As someone who used TYPO3 for the first time almost 20 years ago, I know very well what you mean. However, it doesn't help if we, as a community product, don't evolve. Without breaking changes in the core, this is unfortunately not always possible. This is annoying for some, but not necessarily to change.

But of course we are aware of the issue and so we are glad that there are hosters who offer updates as easy as possible and also first SaaS solutions for TYPO3 are already on the market. In addition, the GmbH offers the ELTS to make it as easy as possible for existing users to perform updates at your pace.

However, all this should be seen independently of the Theme Based Roadmap.Especially since the roadamp also supports your wishes. The main point "Make TYPO3 easier to get started with and use" is by far not only aimed to new users, but also to existing ones. With the focus "DevOps Operation Optimizations" it is e.g. about simplifying the operation, which also includes updates. And "Improved TYPO3 Onboarding Materials" also helps to better introduce existing users to new versions.

Greetings

Volker

As a long time user of Typo3 I HAVE to reflect on this statemtent.

This is typical statement from a "Product Manager" - "We have to deliver something NEW".

The typical start into the desaster. The end of a good product.

I am 65 and in the IT since age of 17. I have seen many companies and organisatione gone bust. Because of the "we NEED to change it".

Why I am writing here today is, that the most important part in this "theme-base" (decades ago this was simply called vision, mission, strategie) approach ist missing:

THE EXISTING BASE.

You can find new users. But when you loose the exsting base, the new ones will not compensate for the loss of the old ones.

And you are on the best way to achieve this.

I tell you why.

I am struggling since about 3 month to get some existing installations upgraded. Installation they fitted their customers.

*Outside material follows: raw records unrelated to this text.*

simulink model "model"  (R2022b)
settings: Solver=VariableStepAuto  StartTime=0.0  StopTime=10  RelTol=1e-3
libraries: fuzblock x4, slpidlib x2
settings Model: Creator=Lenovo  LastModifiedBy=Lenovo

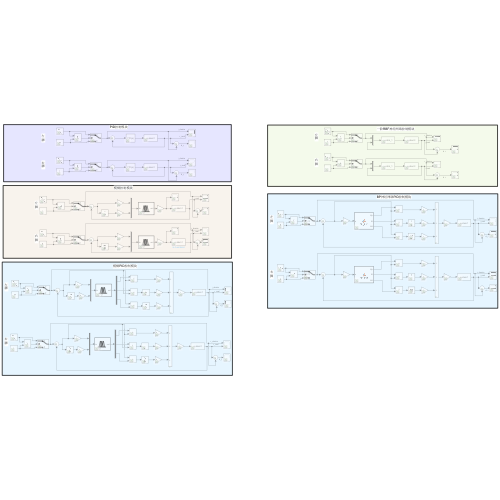
[thumbnail: Simulink's stored preview of the top-level diagram]
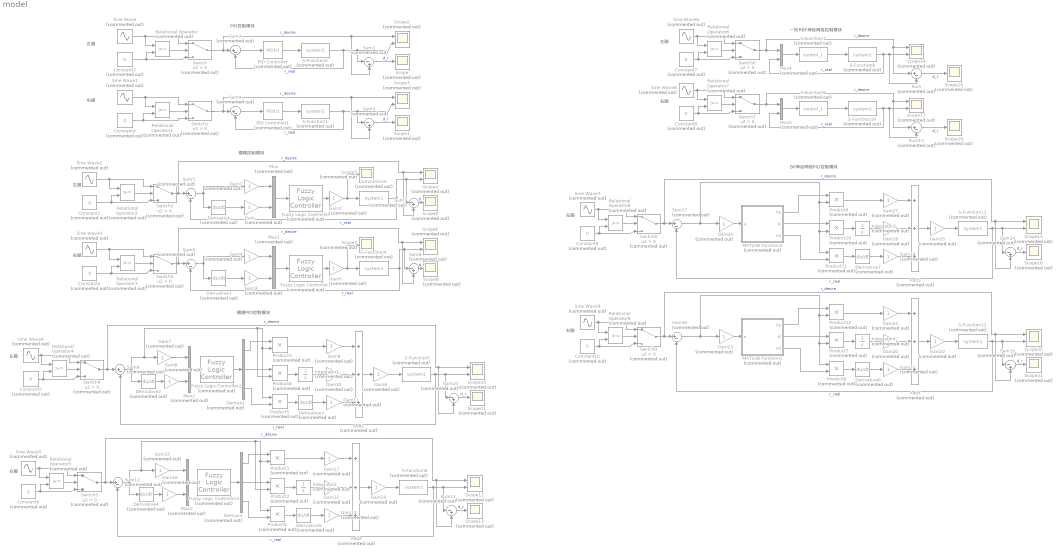
== system model ==
  note: 左脚
  note: PID控制模块
  note: 右脚
  note: 模糊控制模块
  note: 左脚
  note: 右脚
  note: 模糊PID控制模块
  note: 左脚
  note: 右脚
  note: 一阶RBF神经网络控制模块
  note: 左脚
  note: 右脚
  note: BP神经网络PID控制模块
  note: 左脚
  note: 右脚
  Add{1..4} (4 alike) : Sum  Commented=on  Inputs=+++
  Constant{1..10} (10 alike) : Constant  Commented=on  Value=0
  Demux1 : Demux  Commented=on  Outputs=3
  Demux2 : Demux  Commented=on  Outputs=3
  Derivative{,1..7} (8 alike) : Derivative  Commented=on
  Fuzzy Logic Controller : fuzblock/Fuzzy Logic  Controller  Commented=on  FIS='fuzzy1.fis'  OutputSampleNumber=101  DataType=double  FuzzifiedInputs=off  RuleFiringStrengths=off  RuleOutputs=off  AggregatedOutputs=off  SimulateUsing=Interpreted execution  OutOfRangeInputValueMessage=warning  NoRuleFiredMessage=warning  EmptyOutputFuzzySetMessage=warning
  Fuzzy Logic Controller1 : fuzblock/Fuzzy Logic  Controller  Commented=on  FIS='fuzzy1.fis'  OutputSampleNumber=101  DataType=double  FuzzifiedInputs=off  RuleFiringStrengths=off  RuleOutputs=off  AggregatedOutputs=off  SimulateUsing=Interpreted execution  OutOfRangeInputValueMessage=warning  NoRuleFiredMessage=warning  EmptyOutputFuzzySetMessage=warning
  Fuzzy Logic Controller2 : fuzblock/Fuzzy Logic  Controller  Commented=on  FIS='PIDfuzzy1.fis'  OutputSampleNumber=101  DataType=double  FuzzifiedInputs=off  RuleFiringStrengths=off  RuleOutputs=off  AggregatedOutputs=off  SimulateUsing=Interpreted execution  OutOfRangeInputValueMessage=warning  NoRuleFiredMessage=warning  EmptyOutputFuzzySetMessage=warning
  Fuzzy Logic Controller3 : fuzblock/Fuzzy Logic  Controller  Commented=on  FIS='PIDfuzzy1.fis'  OutputSampleNumber=101  DataType=double  FuzzifiedInputs=off  RuleFiringStrengths=off  RuleOutputs=off  AggregatedOutputs=off  SimulateUsing=Interpreted execution  OutOfRangeInputValueMessage=warning  NoRuleFiredMessage=warning  EmptyOutputFuzzySetMessage=warning
  Gain{,1..27} (28 alike) : Gain  Commented=on
  Integrator{1..4} (4 alike) : Integrator  Commented=on
  MATLAB Function1 : MATLAB Function  Commented=on  TreatAsAtomicUnit=on
  MATLAB Function2 : MATLAB Function  Commented=on  TreatAsAtomicUnit=on
  Mux{,1..5} (6 alike) : Mux  Commented=on  Inputs=2
  PID Controller : slpidlib/PID Controller  Commented=on  Controller=PID  Form=Parallel  TimeDomain=Continuous-time  UseExternalTs=off  SampleTime=-1  IntegratorMethod=Forward Euler  FilterMethod=Forward Euler  ControllerParametersSource=internal  P=871.012527892708  I=1996.38268425314  UseKiTs=off  D=84.4356751014045  N=44899.2539327158  UseFilter=on  TunerSelectOption=Transfer Function Based (PID Tuner App)  InitialConditionSource=internal  InitialConditionForIntegrator=0  InitialConditionForFilter=0  DifferentiatorICPrevScaledInput=0  ExternalReset=none  TrackingMode=off  Kt=1  LimitOutput=off  SatLimitsSource=internal  UpperSaturationLimit=inf  LowerSaturationLimit=-inf  LinearizeAsGain=on  AntiWindupMode=none  Kb=1  LimitIntegrator=off  UpperIntegratorSaturationLimit=inf  LowerIntegratorSaturationLimit=-inf  POutMin=[]  POutMax=[]  IOutMin=[]  IOutMax=[]  DOutMin=[]  DOutMax=[]  NOutMin=[]  NOutMax=[]  SumOutMin=[]  SumOutMax=[]  SaturationOutMin=[]  SaturationOutMax=[]  PParamMin=[]  PParamMax=[]  IParamMin=[]  IParamMax=[]  DParamMin=[]  DParamMax=[]  NParamMin=[]  NParamMax=[]  KbParamMin=[]  KbParamMax=[]  KtParamMin=[]  KtParamMax=[]  KbOutMin=[]  KbOutMax=[]  KtOutMin=[]  KtOutMax=[]  IntegratorOutMin=[]  IntegratorOutMax=[]  FilterOutMin=[]  FilterOutMax=[]  SumI1OutMin=[]  SumI1OutMax=[]  SumI2OutMin=[]  SumI2OutMax=[]  SumI3OutMin=[]  SumI3OutMax=[]  SumI4OutMin=[]  SumI4OutMax=[]  SumDOutMin=[]  SumDOutMax=[]  DifferentiatorOutMin=[]  DifferentiatorOutMax=[]  FilterDiffOutCoefMin=[]  FilterDiffOutCoefMax=[]  ReciprocalOutMin=[]  ReciprocalOutMax=[]  SumDenOutMin=[]  SumDenOutMax=[]  SumNumOutMin=[]  SumNumOutMax=[]  DivideOutMin=[]  DivideOutMax=[]  UdiffTsProdOutMin=[]  UdiffTsProdOutMax=[]  NTsProdOutMin=[]  NTsProdOutMax=[]  UintegralTsProdOutMin=[]  UintegralTsProdOutMax=[]  UngainTsProdOutMin=[]  UngainTsProdOutMax=[]  ClampingZeroOutDataTypeStr=Inherit: Inherit via back propagation  ClampingZeroOutMin=[]  ClampingZeroOutMax=[]  FilterDenConstantOutDataTypeStr=Inherit: Inherit via back propagation  FilterDenConstantOutMin=[]  FilterDenConstantOutMax=[]  PCopyOutDataTypeStr=Inherit: Inherit via back propagation  PCopyOutMin=[]  PCopyOutMax=[]  NCopyOutDataTypeStr=Inherit: Inherit via back propagation  NCopyOutMin=[]  NCopyOutMax=[]  IntegratorContinuousStateAttributes=''  IntegratorStateMustResolveToSignalObject=off  IntegratorRTWStateStorageClass=Auto  FilterContinuousStateAttributes=''  FilterStateMustResolveToSignalObject=off  FilterRTWStateStorageClass=Auto  ParallelPVariant=InternalParameters  IdealPVariant=Disabled  IVariant=InternalParameters  DVariant=InternalParameters  IntegratorVariant=Continuous  SatVariant=Disabled  AWVariant=Passthrough  PCopyVariant=Disabled  TRVariant=Disabled  FdbkBlocksVariant=Forward  IdealPFdbkVariant=Disabled  SatFdbkVariant=Disabled  DerivativeFilterVariant=ContFilter  NVariant=InternalParameters  NCopyVariant=Disabled  FilterICVariant=InternalICsFilter  IntegratorICVariant=InternalICs  ExternalResetVariant=Disabled  TRSumVariant=Passthrough  SumFdbkVariant=Disabled  SumVariant=Sum_PID  TsampFilterVariant=InternalTs  TsampNgainVariant=Passthrough  TsampIntegralVariant=Passthrough  ExternalSaturationOutDataTypeStr=Inherit: Same as second input
  PID Controller1 : slpidlib/PID Controller  Commented=on  Controller=PID  Form=Parallel  TimeDomain=Continuous-time  UseExternalTs=off  SampleTime=-1  IntegratorMethod=Forward Euler  FilterMethod=Forward Euler  ControllerParametersSource=internal  P=871.012527892708  I=1996.38268425314  UseKiTs=off  D=84.4356751014045  N=44899.2539327158  UseFilter=on  TunerSelectOption=Transfer Function Based (PID Tuner App)  InitialConditionSource=internal  InitialConditionForIntegrator=0  InitialConditionForFilter=0  DifferentiatorICPrevScaledInput=0  ExternalReset=none  TrackingMode=off  Kt=1  LimitOutput=off  SatLimitsSource=internal  UpperSaturationLimit=inf  LowerSaturationLimit=-inf  LinearizeAsGain=on  AntiWindupMode=none  Kb=1  LimitIntegrator=off  UpperIntegratorSaturationLimit=inf  LowerIntegratorSaturationLimit=-inf  POutMin=[]  POutMax=[]  IOutMin=[]  IOutMax=[]  DOutMin=[]  DOutMax=[]  NOutMin=[]  NOutMax=[]  SumOutMin=[]  SumOutMax=[]  SaturationOutMin=[]  SaturationOutMax=[]  PParamMin=[]  PParamMax=[]  IParamMin=[]  IParamMax=[]  DParamMin=[]  DParamMax=[]  NParamMin=[]  NParamMax=[]  KbParamMin=[]  KbParamMax=[]  KtParamMin=[]  KtParamMax=[]  KbOutMin=[]  KbOutMax=[]  KtOutMin=[]  KtOutMax=[]  IntegratorOutMin=[]  IntegratorOutMax=[]  FilterOutMin=[]  FilterOutMax=[]  SumI1OutMin=[]  SumI1OutMax=[]  SumI2OutMin=[]  SumI2OutMax=[]  SumI3OutMin=[]  SumI3OutMax=[]  SumI4OutMin=[]  SumI4OutMax=[]  SumDOutMin=[]  SumDOutMax=[]  DifferentiatorOutMin=[]  DifferentiatorOutMax=[]  FilterDiffOutCoefMin=[]  FilterDiffOutCoefMax=[]  ReciprocalOutMin=[]  ReciprocalOutMax=[]  SumDenOutMin=[]  SumDenOutMax=[]  SumNumOutMin=[]  SumNumOutMax=[]  DivideOutMin=[]  DivideOutMax=[]  UdiffTsProdOutMin=[]  UdiffTsProdOutMax=[]  NTsProdOutMin=[]  NTsProdOutMax=[]  UintegralTsProdOutMin=[]  UintegralTsProdOutMax=[]  UngainTsProdOutMin=[]  UngainTsProdOutMax=[]  ClampingZeroOutDataTypeStr=Inherit: Inherit via back propagation  ClampingZeroOutMin=[]  ClampingZeroOutMax=[]  FilterDenConstantOutDataTypeStr=Inherit: Inherit via back propagation  FilterDenConstantOutMin=[]  FilterDenConstantOutMax=[]  PCopyOutDataTypeStr=Inherit: Inherit via back propagation  PCopyOutMin=[]  PCopyOutMax=[]  NCopyOutDataTypeStr=Inherit: Inherit via back propagation  NCopyOutMin=[]  NCopyOutMax=[]  IntegratorContinuousStateAttributes=''  IntegratorStateMustResolveToSignalObject=off  IntegratorRTWStateStorageClass=Auto  FilterContinuousStateAttributes=''  FilterStateMustResolveToSignalObject=off  FilterRTWStateStorageClass=Auto  ParallelPVariant=InternalParameters  IdealPVariant=Disabled  IVariant=InternalParameters  DVariant=InternalParameters  IntegratorVariant=Continuous  SatVariant=Disabled  AWVariant=Passthrough  PCopyVariant=Disabled  TRVariant=Disabled  FdbkBlocksVariant=Forward  IdealPFdbkVariant=Disabled  SatFdbkVariant=Disabled  DerivativeFilterVariant=ContFilter  NVariant=InternalParameters  NCopyVariant=Disabled  FilterICVariant=InternalICsFilter  IntegratorICVariant=InternalICs  ExternalResetVariant=Disabled  TRSumVariant=Passthrough  SumFdbkVariant=Disabled  SumVariant=Sum_PID  TsampFilterVariant=InternalTs  TsampNgainVariant=Passthrough  TsampIntegralVariant=Passthrough  ExternalSaturationOutDataTypeStr=Inherit: Same as second input
  Product{1..12} (12 alike) : Product  Commented=on
  Relational Operator{,1..9} (10 alike) : RelationalOperator  Commented=on  OutDataTypeStr=boolean  RndMeth=Simplest  InputSameDT=off
  S-Function{1..6,8,10..12} (10 alike) : S-Function  Commented=on  FunctionName=system1  SFunctionDeploymentMode=off  EnableBusSupport=off
  S-Function7 : S-Function  Commented=on  FunctionName=control_1  SFunctionDeploymentMode=off  EnableBusSupport=off
  S-Function9 : S-Function  Commented=on  FunctionName=control_1  SFunctionDeploymentMode=off  EnableBusSupport=off
  Scope{,1,5,7..9,11,13,16,18..19,21} (12 alike) : Scope  Commented=on
  Scope{2..4,6,10,12,14..15,17,20} (10 alike) : Scope  Commented=on  NumInputPorts=2
  Sine Wave{,2,4,6..7} (5 alike) : Sin  Commented=on  SampleTime=0
  Sine Wave{1,3,5,8..9} (5 alike) : Sin  Commented=on  Phase=pi  SampleTime=0
  Sum{,2,4..6,9,12..13,16..17} (10 alike) : Sum  Commented=on  Inputs=|+-
  Sum{1,3,7..8,10..11,14..15} (8 alike) : Sum  Commented=on  Inputs=|-+
  Switch{,1..9} (10 alike) : Switch  Commented=on  Criteria=u2 > Threshold  SaturateOnIntegerOverflow=off  InputSameDT=off
  wires:
  S-Function2/1 -> Scope2/2, Sum1/1, Sum2/2  "r_real"
  Switch/1 -> Scope2/1, Sum1/2, Sum2/1  "r_desire"
  PID Controller/1 -> S-Function2/1
  Sum2/1 -> PID Controller/1
  Sum1/1 -> Scope/1  "d_r"
  Switch1/1 -> Scope3/1, Sum3/2, Sum4/1  "r_desire"
  PID Controller1/1 -> S-Function1/1
  Sum3/1 -> Scope1/1  "d_r"
  S-Function1/1 -> Sum3/1, Scope3/2, Sum4/2  "r_real"
  Sum4/1 -> PID Controller1/1
  Relational Operator/1 -> Switch/2
  Sine Wave/1 -> Switch/1, Relational Operator/1
  Constant3/1 -> Relational Operator/2, Switch/3
  Relational Operator1/1 -> Switch1/2
  Sine Wave1/1 -> Switch1/1, Relational Operator1/1
  Constant4/1 -> Switch1/3, Relational Operator1/2
  Gain2/1 -> Scope5/1, S-Function3/1
  Derivative/1 -> Gain/1
  Gain/1 -> Mux/2
  Gain1/1 -> Mux/1
  S-Function3/1 -> Scope4/2, Sum7/1, Sum5/2  "r_real"
  Mux/1 -> Fuzzy Logic Controller/1
  Switch2/1 -> Sum7/2, Scope4/1, Sum5/1  "r_desire"
  Sum5/1 -> Derivative/1, Gain1/1
  Fuzzy Logic Controller/1 -> Gain2/1
  Sine Wave2/1 -> Switch2/1, Relational Operator2/1
  Relational Operator2/1 -> Switch2/2
  Constant1/1 -> Relational Operator2/2, Switch2/3
  Switch3/1 -> Scope6/1, Sum8/2, Sum6/1  "r_desire"
  Constant2/1 -> Relational Operator3/2, Switch3/3
  Relational Operator3/1 -> Switch3/2
  Sum6/1 -> Derivative1/1, Gain4/1
  Fuzzy Logic Controller1/1 -> Gain5/1
  Mux1/1 -> Fuzzy Logic Controller1/1
  Gain5/1 -> Scope7/1, S-Function4/1
  Gain3/1 -> Mux1/2
  Sine Wave3/1 -> Switch3/1, Relational Operator3/1
  Gain4/1 -> Mux1/1
  S-Function4/1 -> Sum6/2, Sum8/1, Scope6/2  "r_real"
  Derivative1/1 -> Gain3/1
  Sum7/1 -> Scope9/1  "d_r"
  Sum8/1 -> Scope8/1  "d_r"
  Derivative3/1 -> Gain11/1
  Gain8/1 -> Mux2/2
  Product4/1 -> Integrator1/1
  Product3/1 -> Gain9/1
  Add1/1 -> Gain6/1
  Sum9/1 -> Derivative2/1, Product5/1, Product3/2, Product4/2, Gain7/1
  Demux2/2 -> Product4/1
  Demux2/3 -> Product5/2
  Derivative2/1 -> Gain8/1
  Demux2/1 -> Product3/1
  Integrator1/1 -> Gain10/1
  Product5/1 -> Derivative3/1
  Gain7/1 -> Mux2/1
  Gain6/1 -> S-Function5/1
  Fuzzy Logic Controller2/1 -> Demux2/1
  S-Function5/1 -> Sum9/2, Sum10/1, Scope10/2  "r_real"
  Gain11/1 -> Add1/3
  Mux2/1 -> Fuzzy Logic Controller2/1
  Gain10/1 -> Add1/2
  Gain9/1 -> Add1/1
  Sine Wave4/1 -> Switch4/1, Relational Operator4/1
  Relational Operator4/1 -> Switch4/2
  Constant5/1 -> Relational Operator4/2, Switch4/3
  Sum10/1 -> Scope11/1  "d_r"
  Switch4/1 -> Sum10/2, Scope10/1, Sum9/1  "r_desire"
  Constant6/1 -> Relational Operator5/2, Switch5/3
  Sine Wave5/1 -> Switch5/1, Relational Operator5/1
  Relational Operator5/1 -> Switch5/2
  Sum11/1 -> Scope13/1  "d_r"
  Gain14/1 -> S-Function6/1
  Switch5/1 -> Sum11/2, Scope12/1, Sum12/1  "r_desire"
  Mux3/1 -> Fuzzy Logic Controller3/1
  Gain13/1 -> Add2/3
  Fuzzy Logic Controller3/1 -> Demux1/1
  S-Function6/1 -> Sum12/2, Sum11/1, Scope12/2  "r_real"
  Demux1/1 -> Product1/1
  Derivative4/1 -> Gain16/1
  Gain12/1 -> Add2/2
  Demux1/2 -> Product2/1
  Demux1/3 -> Product6/2
  Integrator2/1 -> Gain12/1
  Product6/1 -> Derivative5/1
  Sum12/1 -> Derivative4/1, Product6/1, Product1/2, Product2/2, Gain15/1
  Gain17/1 -> Add2/1
  Gain15/1 -> Mux3/1
  Gain16/1 -> Mux3/2
  Product1/1 -> Gain17/1
  Product2/1 -> Integrator2/1
  Add2/1 -> Gain14/1
  Derivative5/1 -> Gain13/1
  Sum/1 -> Scope16/1  "d_r"
  Mux4/1 -> S-Function7/1
  S-Function7/1 -> S-Function8/1
  S-Function8/1 -> Mux4/2, Scope14/2, Sum/2  "r_real"
  Switch6/1 -> Scope14/1, Sum/1, Mux4/1  "r_desire"
  Constant7/1 -> Relational Operator6/2, Switch6/3
  Relational Operator6/1 -> Switch6/2
  Sine Wave6/1 -> Switch6/1, Relational Operator6/1
  Switch7/1 -> Scope17/1, Sum13/1, Mux5/1  "r_desire"
  Constant8/1 -> Relational Operator7/2, Switch7/3
  Sine Wave8/1 -> Switch7/1, Relational Operator7/1
  Relational Operator7/1 -> Switch7/2
  S-Function10/1 -> Mux5/2, Scope17/2, Sum13/2  "r_real"
  S-Function9/1 -> S-Function10/1
  Sum13/1 -> Scope19/1  "d_r"
  Mux5/1 -> S-Function9/1
  MATLAB Function1/3(Kd) -> Product8/2
  MATLAB Function1/1(Kp) -> Product12/1
  Sum16/1 -> Product7/2, Product8/1, Product12/2, Gain23/1
  Gain20/1 -> Add4/2
  Gain22/1 -> S-Function12/1
  Sine Wave9/1 -> Switch9/1, Relational Operator9/1
  Product12/1 -> Gain24/1
  Product8/1 -> Derivative6/1
  Gain21/1 -> Add4/3
  Add4/1 -> Gain22/1
  Product7/1 -> Integrator4/1
  Integrator4/1 -> Gain20/1
  Relational Operator9/1 -> Switch9/2
  Constant10/1 -> Relational Operator9/2, Switch9/3
  Sum15/1 -> Scope21/1  "d_r"
  Switch9/1 -> Sum15/2, Scope20/1, Sum16/1  "r_desire"
  S-Function12/1 -> Sum16/2, Sum15/1, Scope20/2  "r_real"
  MATLAB Function1/2(Ki) -> Product7/1
  Gain23/1 -> MATLAB Function1/1(e)
  Gain24/1 -> Add4/1
  Derivative6/1 -> Gain21/1
  Relational Operator8/1 -> Switch8/2
  Gain26/1 -> MATLAB Function2/1(e)
  Gain18/1 -> Add3/2
  Sine Wave7/1 -> Switch8/1, Relational Operator8/1
  Switch8/1 -> Sum14/2, Scope15/1, Sum17/1  "r_desire"
  Gain19/1 -> Add3/3
  MATLAB Function2/2(Ki) -> Product10/1
  Constant9/1 -> Relational Operator8/2, Switch8/3
  Product9/1 -> Gain27/1
  Gain27/1 -> Add3/1
  Gain25/1 -> S-Function11/1
  Derivative7/1 -> Gain19/1
  Product11/1 -> Derivative7/1
  Sum14/1 -> Scope18/1  "d_r"
  MATLAB Function2/1(Kp) -> Product9/1
  Integrator3/1 -> Gain18/1
  Product10/1 -> Integrator3/1
  S-Function11/1 -> Sum17/2, Sum14/1, Scope15/2  "r_real"
  Sum17/1 -> Product10/2, Product11/1, Product9/2, Gain26/1
  Add3/1 -> Gain25/1
  MATLAB Function2/3(Kd) -> Product11/2

== matlab function model/MATLAB Function2 ==
  settings: updateMethod=DISCRETE
  data: e input; Kp output; Ki output; Kd output
function [Kp, Ki, Kd] = BP_PID(e)
% BPNeuralPID - 使用 BP 神经网络在线调整 PID 参数的示例
%
% 输入:
%   e  : 当前位置误差
%
% 输出:
%   Kp : PID 比例增益
%   Ki : PID 积分增益
%   Kd : PID 微分增益
%
% 说明:
%   该函数使用一个两层的前馈 BP 神经网络 (1 个隐藏层)。
%   前向传播: e -> (隐藏层) -> [Kp, Ki, Kd]
%   反向传播: 根据训练误差调整网络权重和偏置。

    %-------------------------------------------------------
    % 1. 定义输入向量
    %-------------------------------------------------------
    inVec = e;  % 单一输入: 误差 e
    
    %-------------------------------------------------------
    % 2. 声明并初始化(若为空)网络参数: W1, b1, W2, b2
    %   使用 persistent 来保存状态，以便在每次函数调用之间“记住”网络参数
    %-------------------------------------------------------
    persistent W1 b1 W2 b2 learning_rate
    
    if isempty(W1)
        %---------------网络结构超参数可自行修改---------------
        input_size   = 1;    % 输入层神经元个数 (仅 e)
        hidden_size  = 5000;   % 隐藏层神经元个数
        output_size  = 3;    % 输出层神经元个数 (Kp, Ki, Kd)
        
        % 初始化权重和偏置 (建议较小的随机值以避免激活函数饱和)
        W1 = rand(input_size, hidden_size) * 0.1; 
        b1 = rand(1, hidden_size) * 0.1;
        W2 = rand(hidden_size, output_size) * 0.1;
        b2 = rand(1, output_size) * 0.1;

But let me begin at the start. Once I came to Typo3, because it was a CMS, that could be extended by extensions. EXTENSIONS where there for nearly everything. The could be integrated just by a simple click. And they worked. And if the blog system was not what we expected, whe just took another one. There where tens of thousand extensions for nearly everthing. Yeah not all always properly maintained, but most useable.

There where some updates to the core. Just download a file, unszip it change the link, run some upgrade routines, and you where done. A matter of hours.

Now, I have to install docker, DDev, Composer, Git, learn Linux, MariaDB, etc. I had to setup a separate PC - luckely a had one at spare - and update the HW.

JUST TO UPGRADE A RUNNING CMS.

All this was not necessary before: just download a package, unzip it and update some links!!

I am not a developer. I am just somebody who runs some sites for non-profit orgs.

How many - simlar to me - are out there, who simply run a system because it was easy and well documented to install, setup and run a good CMS?

By ignoring this base out there, and even worse, overwhellming them with the requirements you will loose them. Just because not everyone is willing the take the effort required to keep the pace. As it always proved correct "never touch a runnign system". Same as you never build a new home as long you don't need to.

So make a long story short.

Keep the strength of Typo3:

the existing user base, because they are your reputation.

Maintain your existing extension base, this is the value to you users.